Personally, I'm not a big fan of bi-amping using a receivers "extra" amps :bigsmile: I did it with my Denon and RBH 1266-SE, it was entertaining for a bit, I could not hear any difference from the "bi-amp", bit I could boost the gain on the 12" woofers, kinda a fun for a while. I see no benefit to bi-amping in this manner. Now if you want to bi-amp with active crossovers and separate amps,... that may be another story. I have no experience with that but I'm sure others have and will soon jump in.

I'd just suggest good, quality amps and some good speakers. Skip the bi-amp unless you are going to go all out.


----------



## tonyvdb (Sep 5, 2007)

Bi-amping speakers is not necessary as it yields little to no difference in sound quality unless you get into the really expensive speakers over $5000 and involves allot of equipment to do it right.
You need external amps and crossovers along with some EQ's to really hear a difference. Its just not worth it in my opinion.
I have bi-amp able speakers on both my two channel system and my theater system and have tried it and I could not hear any difference.
Your best option is to get an external amp to run your mains using it.


----------



## JCD (Apr 20, 2006)

:yeahthat:

I think there is plenty of evidence and anecdotes that state bi-amping a speaker does not increase the performance of the speaker. 

All of that changes if you tell me you're also going to go with an active crossover.

JCD


----------



## Moonfly (Aug 1, 2008)

Well at this point I would have to ask you to explain an active crossover to me:blink:


----------



## DougMac (Jan 24, 2008)

Moonfly said:


> Well at this point I would have to ask you to explain an active crossover to me:blink:


Here you go: http://en.wikipedia.org/wiki/Audio_crossover

That's a pretty good explanation.
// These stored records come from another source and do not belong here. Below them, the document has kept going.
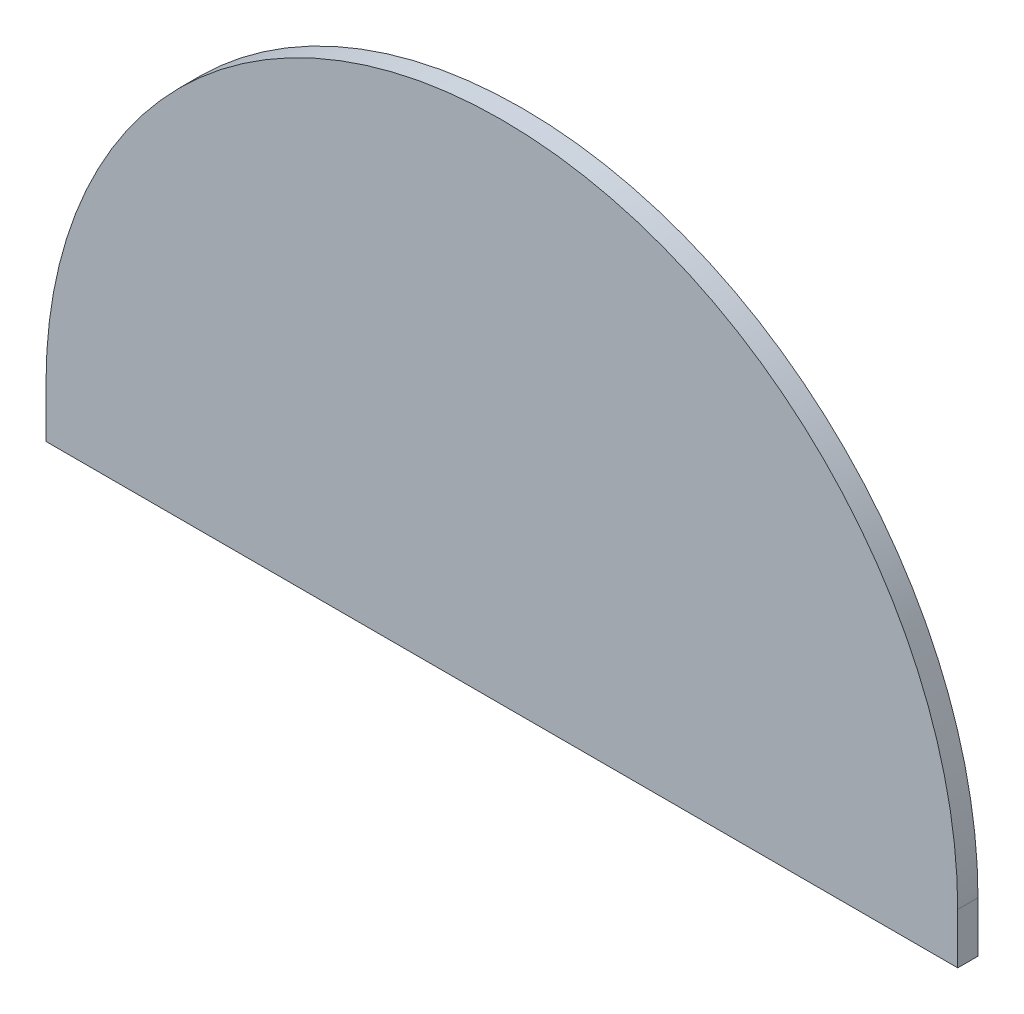
SolidWorks part; units mm, degrees
material "Brass"
ref_plane "Front Plane" through (0, 0, 0) normal (0, 0, 1) x (1, 0, 0)
ref_plane "Top Plane" through (0, 0, 0) normal (0, 1, 0) x (1, 0, 0)
ref_plane "Right Plane" through (0, 0, 0) normal (1, 0, 0) x (0, 0, -1)
sketch "Sketch1" plane through (0, 0, 0) normal (0, 0, 1) x (1, 0, 0)
  line L0 (-45, 0) -> (45, 0)
  arc A0 (-45, 0) -> (45, 0) centre (0, 0) cw
  dimension "D1" = 90
extrude "Boss-Extrude1" add sketch "Sketch1" along normal blind 2
sketch "Sketch2" plane through (0, 0, 0) normal (0, -1, 0) x (1, 0, 0)
  line L1 (45, 2) -> (-45, 2)
  line L2 (45, 2) -> (45, 0)
  line L3 (45, 0) -> (-45, 0)
  line L4 (-45, 2) -> (-45, 0)
extrude "Boss-Extrude2" add sketch "Sketch2" along normal blind 5

Basically, there is no crossover circuitry in the speaker, the connections go directly to each speaker component. There is a separate amplifier for each driver. The signal supplied to the amplifier comes from an active crossover unit, which provides signals in the optimal frequency range for the driver. Digital crossovers not only allow you to choose the crossover frequency and slope, they also allow you to adjust delay and phase.

Purchasing the needed crossovers, amplifiers and either building or purchasing speakers which can be bi-amped can get expensive for just 2 channel. Setting up a 7.1 system could take a significant invsestment. In order to fully exploit the advantages of a bi-amped system I think you'd need to also consider room treatment and making sure the audio chain consisted of TOTL components.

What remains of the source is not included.